Yes this is fair. These are still fairly deep neural networks, though (if we count time as depth), and they’re examples of work that interprets ANNs on the lowest level using low-level analysis of weights and activations using e.g. dimensionality reduction and other methods mech interp folks might find familiar. But I agree it doesn’t usually get put in the bucket of ‘mech interp’ though ultimately the boundary is fairly arbitrary. As a separate point, it is surprising how little of the neuroscience community has actually jumped onto mechanistically understanding more interesting models like inception v2 or LLMs despite the similarity of methods and object of study, which is a testament to the early mech interp pioneers since they saw a field where few others did.

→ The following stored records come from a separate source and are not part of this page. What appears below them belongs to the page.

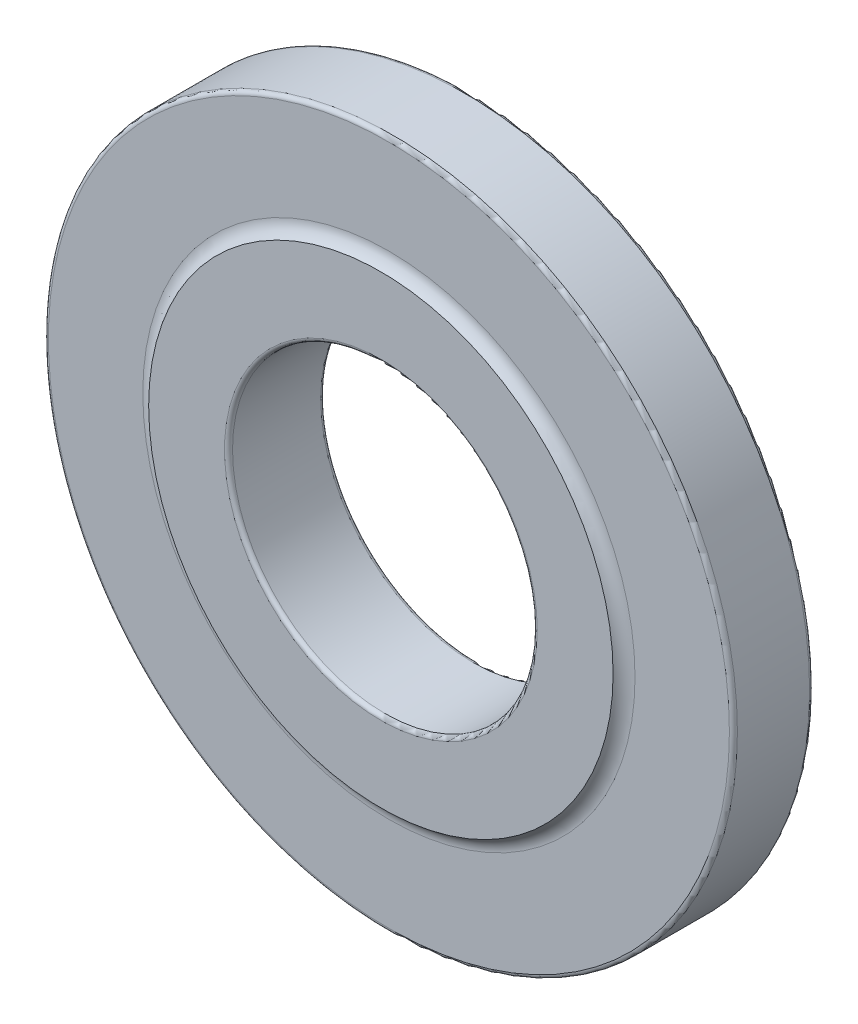
SolidWorks part; units mm, degrees
ref_plane "Plan de face" through (0, 0, 0) normal (0, 0, 1) x (1, 0, 0)
ref_plane "Plan de dessus" through (0, 0, 0) normal (0, 1, 0) x (1, 0, 0)
ref_plane "Plan de droite" through (0, 0, 0) normal (1, 0, 0) x (0, 0, -1)
sketch "Esquisse1" plane through (0, 0, 0) normal (0, 0, 1) x (1, 0, 0)
  line L0 (9.5, 0) -> (14.4778, 0) construction
  line L1 (14.4778, 0) -> (21.4762, 0) construction
  circle A0 centre (0, 0) radius 9.5
  circle A3 centre (0, 0) radius 14.4778
extrude "Boss.-Extru.1" add sketch "Esquisse1" along normal blind 3 and the other way blind 3
sketch "Esquisse3" plane through (0, 0, 0) normal (0, 0, 1) x (1, 0, 0)
  line L0 (14.4778, 0) -> (21.4781, 0) construction
  circle A0 centre (0, 0) radius 14.4778
  circle A1 centre (0, 0) radius 21.4781
extrude "Boss.-Extru.2" add sketch "Esquisse3" along normal blind 2.5 and the other way blind 2.5
fillet "Congé1" radius 0.25 2 edges at (21.4781, 0, -2.5) (21.4781, 0, 2.5)
fillet "Congé2" radius 1 2 edges at (14.4778, 0, -2.5) (14.4778, 0, 2.5)
fillet "Congé3" radius 0.25 2 edges at (9.5, 0, 3) (9.5, 0, -3)
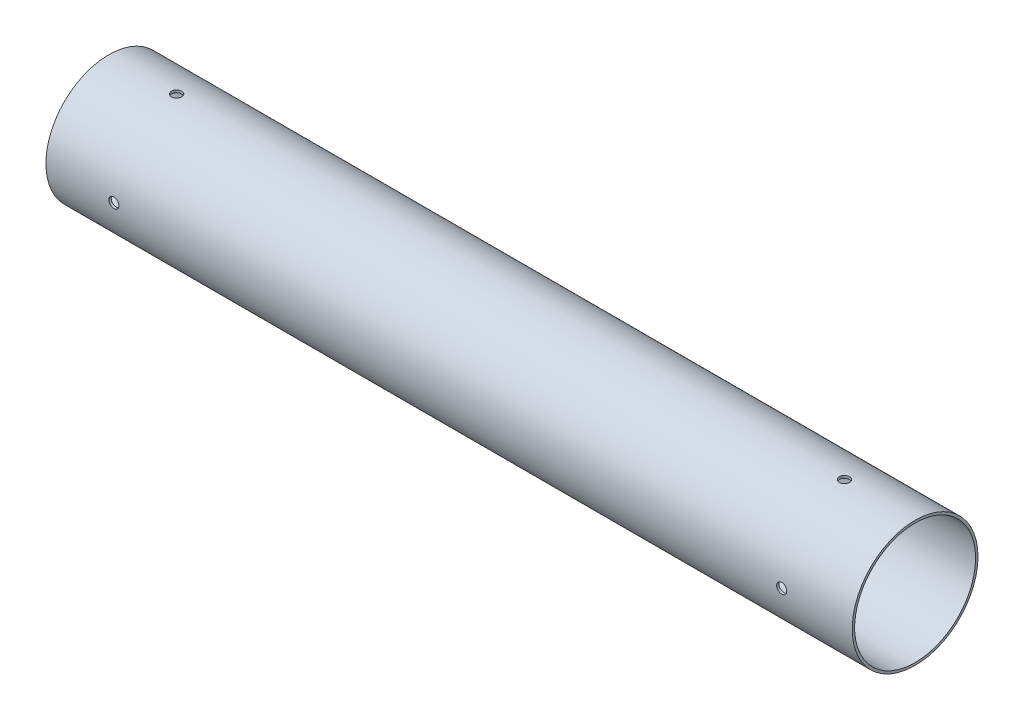
SolidWorks part; units mm, degrees
ref_plane "Front Plane" through (0, 0, 0) normal (1, 0, 0) x (0, 1, 0)
ref_plane "Top Plane" through (0, 0, 0) normal (0, 0, 1) x (0, 1, 0)
ref_plane "Right Plane" through (0, 0, 0) normal (0, 1, 0) x (-1, 0, 0)
sketch "Sketch1" plane through (0, 0, 0) normal (1, 0, 0) x (0, 1, 0)
  circle A0 centre (0, 0) radius 39.624
  circle A1 centre (0, 0) radius 38.1
  dimension "D1" = 79.248
  dimension "D2" = 76.2
extrude "Boss-Extrude1" add sketch "Sketch1" along normal blind 508
sketch "Sketch2" plane through (0, 0, 0) normal (0, 1, 0) x (-1, 0, 0)
  circle A0 centre (-42.8244, 0) radius 3.175
  dimension "D1" = 6.35
  dimension "D2" = 42.8244
extrude "Cut-Extrude1" cut sketch "Sketch2" along normal through all
pattern_circular "CirPattern1" count 4 over 360 about axis through (508, 0, 0) along (-1, 0, 0) of "Cut-Extrude1" reverse direction yes
sketch "Sketch3" plane through (0, 0, 0) normal (0, 1, 0) x (-1, 0, 0)
  line L0 (-508, 39.624) -> (-508, -39.624) construction
  circle A0 centre (-463.55, 0) radius 3.175
  point P5 (0, 0)
  dimension "D2" = 6.35
  dimension "D1" = 44.45
extrude "Cut-Extrude2" cut sketch "Sketch3" along normal through all
pattern_circular "CirPattern2" count 4 over 360 about axis through (508, 0, 0) along (-1, 0, 0) of "Cut-Extrude2"
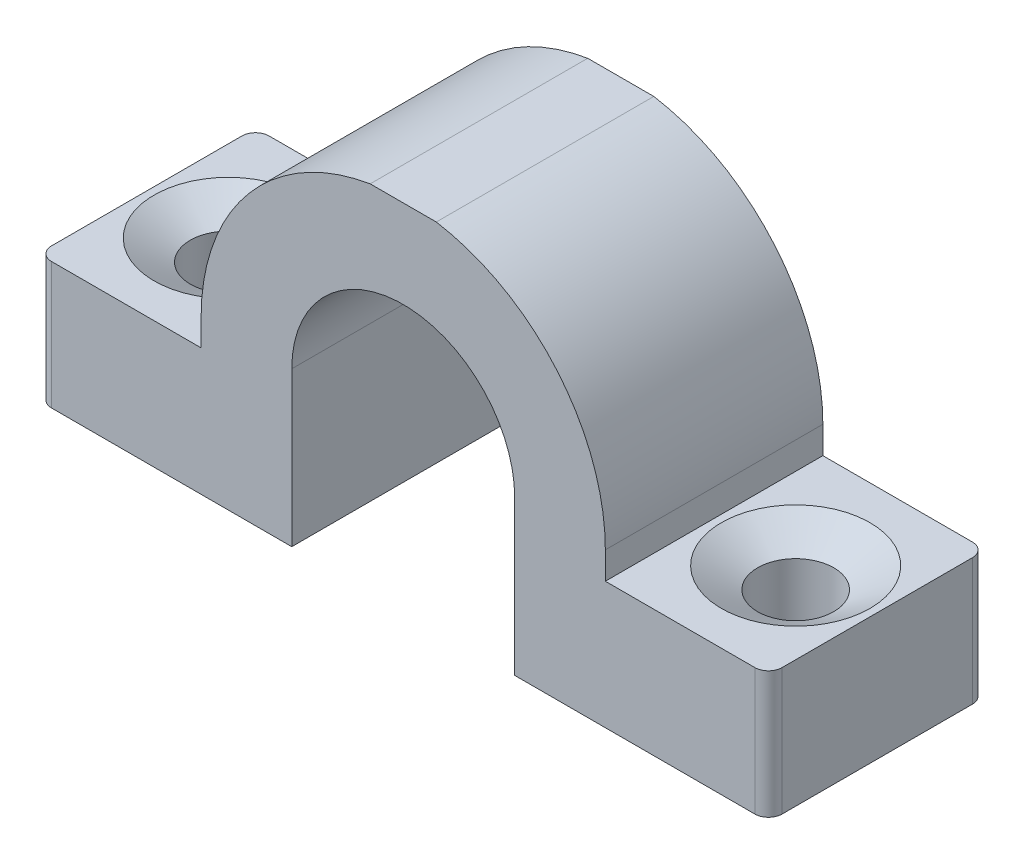
SolidWorks part; units mm, degrees
ref_plane "Front Plane" through (0, 0, 0) normal (0, 0, 1) x (1, 0, 0)
ref_plane "Top Plane" through (0, 0, 0) normal (0, 1, 0) x (1, 0, 0)
ref_plane "Right Plane" through (0, 0, 0) normal (1, 0, 0) x (0, 0, -1)
sketch "Sketch1" plane through (0, 0, 0) normal (0, 0, 1) x (1, 0, 0)
  line L0 (-11.15, 0) -> (-11.15, -1.5)
  line L1 (-11.15, -1.5) -> (-20.15, -1.5)
  line L2 (-20.15, -1.5) -> (-20.15, -8.5)
  line L3 (-20.15, -8.5) -> (-6.15, -8.5)
  line L4 (-6.15, -8.5) -> (-6.15, 0)
  line L5 (6.15, 0) -> (6.15, -8.5)
  line L6 (6.15, -8.5) -> (20.15, -8.5)
  line L7 (20.15, -8.5) -> (20.15, -1.5)
  line L8 (20.15, -1.5) -> (11.15, -1.5)
  line L9 (11.15, -1.5) -> (11.15, 0)
  arc A0 (6.15, 0) -> (-6.15, 0) centre (0, 0) ccw
  arc A1 (11.15, 0) -> (-11.15, 0) centre (0, 0) ccw
  dimension "D1" = 12.3
  dimension "D2" = 5
  dimension "D3" = 7
  dimension "D4" = 14
  dimension "D5" = 8.5
extrude "Boss-Extrude1" add sketch "Sketch1" along normal blind 12
sketch "Sketch4" plane through (0, -1.5, 0) normal (0, 1, 0) x (1, 0, 0)
  line L0 (-11.15, 0) -> (-20.15, 0) construction
  line L1 (-20.15, -12) -> (-20.15, 0) construction
  line L2 (20.15, 0) -> (11.15, 0) construction
  line L3 (20.15, -12) -> (20.15, 0) construction
  circle A0 centre (-15.65, -6) radius 2.1
  circle A1 centre (15.65, -6) radius 2.1
  point P4 (-15.65, 0)
  point P7 (-20.15, -6)
  point P12 (15.65, 0)
  point P15 (20.15, -6)
  dimension "D1" = 4.2
extrude "Cut-Extrude1" cut sketch "Sketch4" against normal through all
chamfer "Chamfer1" distance 2 angle 30 2 edges at (13.55, -1.5, 6) (-17.75, -1.5, 6) first distance on face at (13.55, -1.5, 6) first distance on face at (-17.75, -1.5, 6)
ref_plane "Plane1" through (0, 11, 0) normal (0, 1, 0) x (1, 0, 0)
sketch "Sketch5" plane through (0, 11, 0) normal (0, 1, 0) x (1, 0, 0)
  line L1 (-8.3673, 1.4476) -> (8.7588, 1.4476)
  line L2 (-8.3673, 1.4476) -> (-8.3673, -13.0362)
  line L3 (-8.3673, -13.0362) -> (8.7588, -13.0362)
  line L4 (8.7588, 1.4476) -> (8.7588, -13.0362)
  line L5 (-8.3673, 1.4476) -> (8.7588, -13.0362) construction
  line L6 (-8.3673, -13.0362) -> (8.7588, 1.4476) construction
  point P0 (0.1957, -5.7943)
extrude "Cut-Extrude2" cut sketch "Sketch5" along normal through all
fillet "Fillet2" radius 0.75 4 edges at (20.15, -5, 0) (20.15, -5, 12) (-20.15, -5, 0) (-20.15, -5, 12)
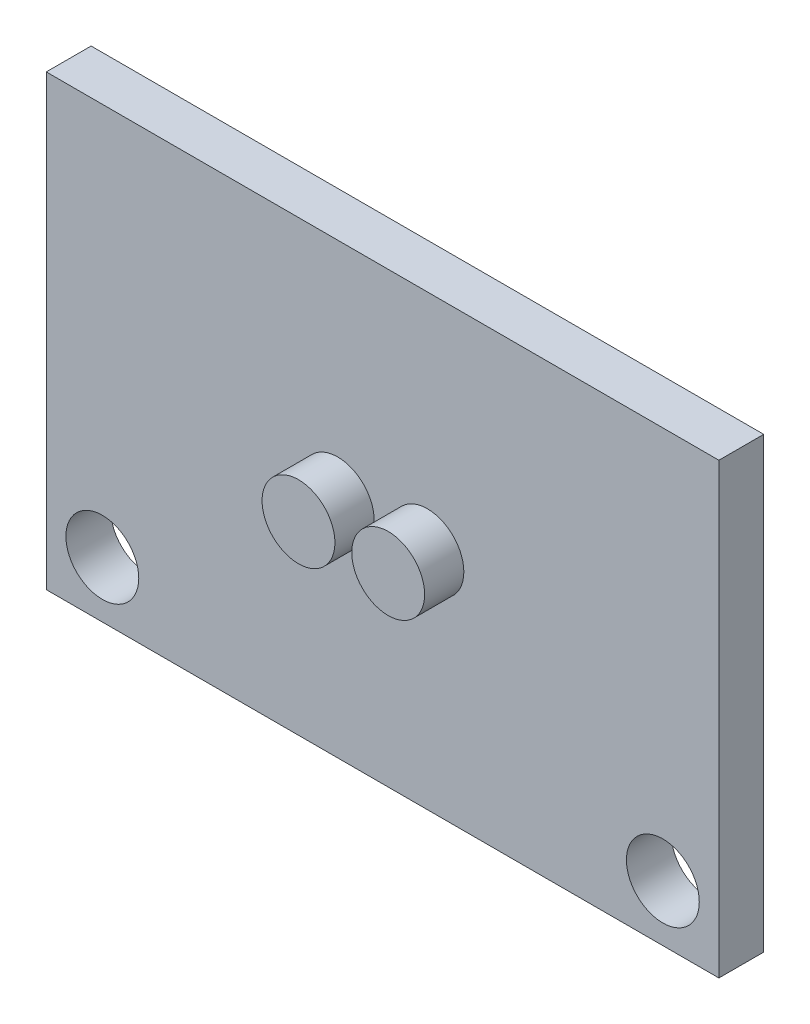
SolidWorks part; units mm, degrees
ref_plane "前视基准面" through (0, 0, 0) normal (0, 0, 1) x (1, 0, 0)
ref_plane "上视基准面" through (0, 0, 0) normal (0, 1, 0) x (1, 0, 0)
ref_plane "右视基准面" through (0, 0, 0) normal (1, 0, 0) x (0, 0, -1)
other "Configuration Table"
sketch "草图1" plane through (0, 0, 0) normal (0, 0, 1) x (1, 0, 0)
  line L1 (-12, 80) -> (12, 80)
  line L2 (-12, 80) -> (-12, 96)
  line L3 (-12, 96) -> (12, 96)
  line L4 (12, 80) -> (12, 96)
extrude "VL53L1X_carrier_PROVISIONAL" [suppressed] add sketch "草图1" along normal blind 1.6 from offset 0
sketch "草图2" plane through (0, 0, 0) normal (0, 0, 1) x (1, 0, 0)
  circle A0 centre (-3, 88) radius 2
  circle A1 centre (3, 88) radius 2
extrude "TOF_optics_reference" [suppressed] add sketch "草图2" along normal blind 1 from offset -1 separate body
sketch "草图3" plane through (0, 0, 0) normal (0, 0, 1) x (1, 0, 0)
  line L1 (-12, 80) -> (12, 80)
  line L2 (-12, 80) -> (-12, 96)
  line L3 (-12, 96) -> (12, 96)
  line L4 (12, 80) -> (12, 96)
extrude "V10_TOF_candidate_carrier24x16" add sketch "草图3" along normal blind 1.6 from offset 0
sketch "草图4" plane through (0, 0, 0) normal (0, 0, 1) x (1, 0, 0)
  circle A0 centre (-1.6, 88) radius 1.3
  circle A1 centre (1.6, 88) radius 1.3
extrude "V10_TOF_optical_packages_facing_front" add sketch "草图4" along normal blind 1.4 from offset 1.6
sketch "草图5" plane through (0, 0, 1.6) normal (0, 0, 1) x (1, 0, 0)
  circle A0 centre (-10, 82) radius 1.3
  circle A1 centre (10, 82) radius 1.3
extrude "V10_TOF_two_candidate_holes20mm" cut sketch "草图5" against normal blind 1.6
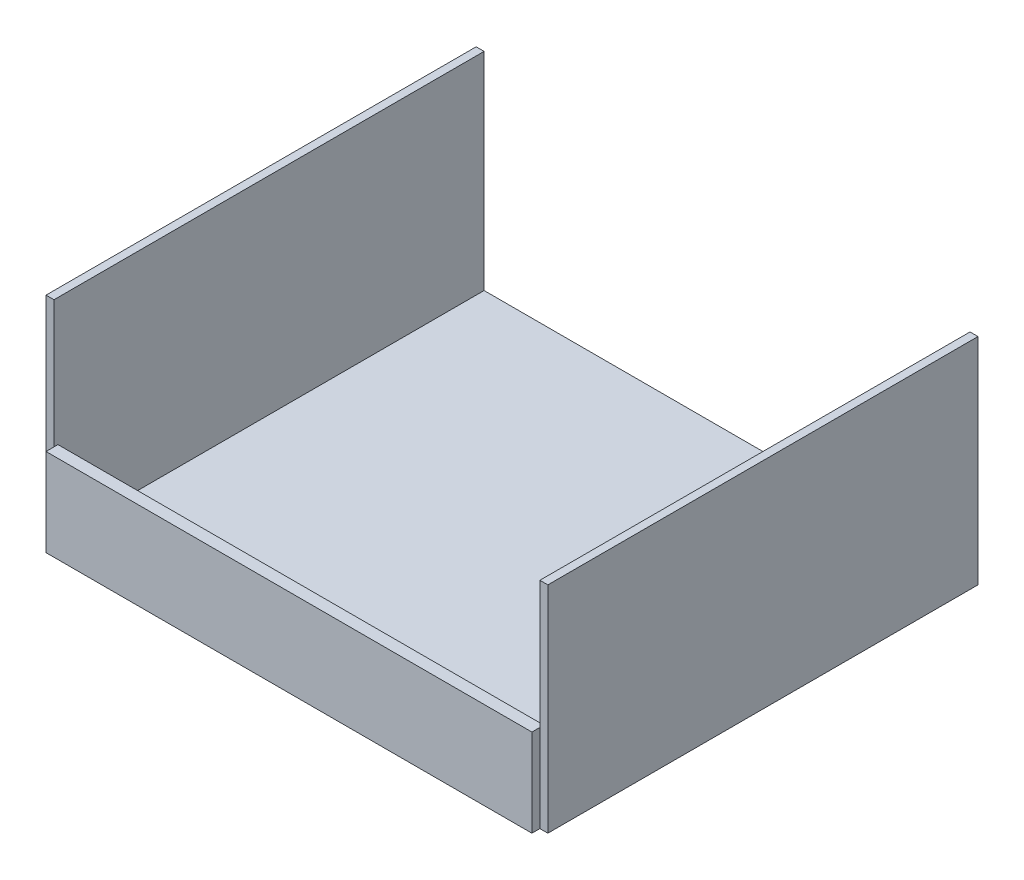
SolidWorks part; units mm, degrees
ref_plane "Front Plane" through (0, 0, 0) normal (0, 0, 1) x (1, 0, 0)
ref_plane "Top Plane" through (0, 0, 0) normal (0, 1, 0) x (1, 0, 0)
ref_plane "Right Plane" through (0, 0, 0) normal (1, 0, 0) x (0, 0, -1)
sketch "Sketch2" plane through (0, 0, 0) normal (0, 1, 0) x (1, 0, 0)
  line L1 (-111.3245, 129.7328) -> (88.7005, 129.7328)
  line L2 (-111.3245, 129.7328) -> (-111.3245, -41.7172)
  line L3 (-111.3245, -41.7172) -> (88.7005, -41.7172)
  line L4 (88.7005, 129.7328) -> (88.7005, -41.7172)
  dimension "D1" = 171.45
  dimension "D2" = 200.025
extrude "Boss-Extrude1" add sketch "Sketch2" along normal blind 3.175
sketch "Sketch3" plane through (0, 3.175, 0) normal (0, 1, 0) x (1, 0, 0)
  line L0 (-111.3245, -41.7172) -> (88.7005, -41.7172) construction
  line L1 (-111.3245, 129.7328) -> (-108.1495, 129.7328)
  line L2 (-111.3245, 129.7328) -> (-111.3245, -41.7172)
  line L3 (-111.3245, -41.7172) -> (-108.1495, -41.7172)
  line L4 (-108.1495, 129.7328) -> (-108.1495, -41.7172)
  line L6 (88.7005, 129.7328) -> (85.5255, 129.7328)
  line L7 (88.7005, 129.7328) -> (88.7005, -41.7172)
  line L8 (88.7005, -41.7172) -> (85.5255, -41.7172)
  line L9 (85.5255, 129.7328) -> (85.5255, -41.7172)
  dimension "D1" = 3.175
  dimension "D2" = 3.175
extrude "Boss-Extrude2" add sketch "Sketch3" along normal blind 82.55
sketch "Sketch6" plane through (0, 0, 0) normal (0, -1, 0) x (1, 0, 0)
  line L5 (-111.3245, 41.7172) -> (88.7005, 41.7172) construction
  line L6 (-108.1495, 23.268) -> (85.5255, 23.268)
  line L7 (-108.1495, 23.268) -> (-108.1495, 44.8922)
  line L8 (-108.1495, 44.8922) -> (85.5255, 44.8922)
  line L9 (85.5255, 23.268) -> (85.5255, 44.8922)
  dimension "D1" = 3.175
extrude "Boss-Extrude13" add sketch "Sketch6" against normal blind 3.175 contours L8 L9 L6 L7
sketch "Sketch7" plane through (0, 3.175, 0) normal (0, 1, 0) x (1, 0, 0)
  line L0 (85.5255, 129.7328) -> (85.5255, -41.7172) construction
  line L5 (-108.1495, -44.8922) -> (85.5255, -44.8922)
  line L6 (-108.1495, -44.8922) -> (-108.1495, -40.1297)
  line L7 (-108.1495, -40.1297) -> (85.5255, -40.1297)
  line L8 (85.5255, -44.8922) -> (85.5255, -40.1297)
  dimension "D1" = 4.7625
extrude "Boss-Extrude23" add sketch "Sketch7" along normal blind 31.75 contours L5 L8 L7 L6

I’m not actually sure if this is very action-relevant. I think in the past I might have said “mech interp practitioners should be more familiar with computational neuroscience/connectionism”, since I think this might have save the mech interp community some time. But I don’t think it would have saved a huge amount of time, and I think the mech interp has largely surpassed comp neuro as a source of interesting and relevant ideas. I think it’s mostly useful as an exercise in situating mech interp ideas within the broader set of ideas of an eminently related field (comp neuro/connectionism). But I’ll stress that many in the field see mech interp as better contextualized by other sets of broader ideas (e.g. as a subfield of interpretability/ML), and when viewing mech interp in light of those ideas, it might better be thought of as pre-paradigmatic. I think that’s a completely compatible but different perspective from the one I tend to take, and just emphasizes the subjectiveness of the whole question of whether the field is paradigmatic or not.
This all sounds very reasonable to me! Thanks for the response. I agree that we are likely quite aligned about a lot of these issues.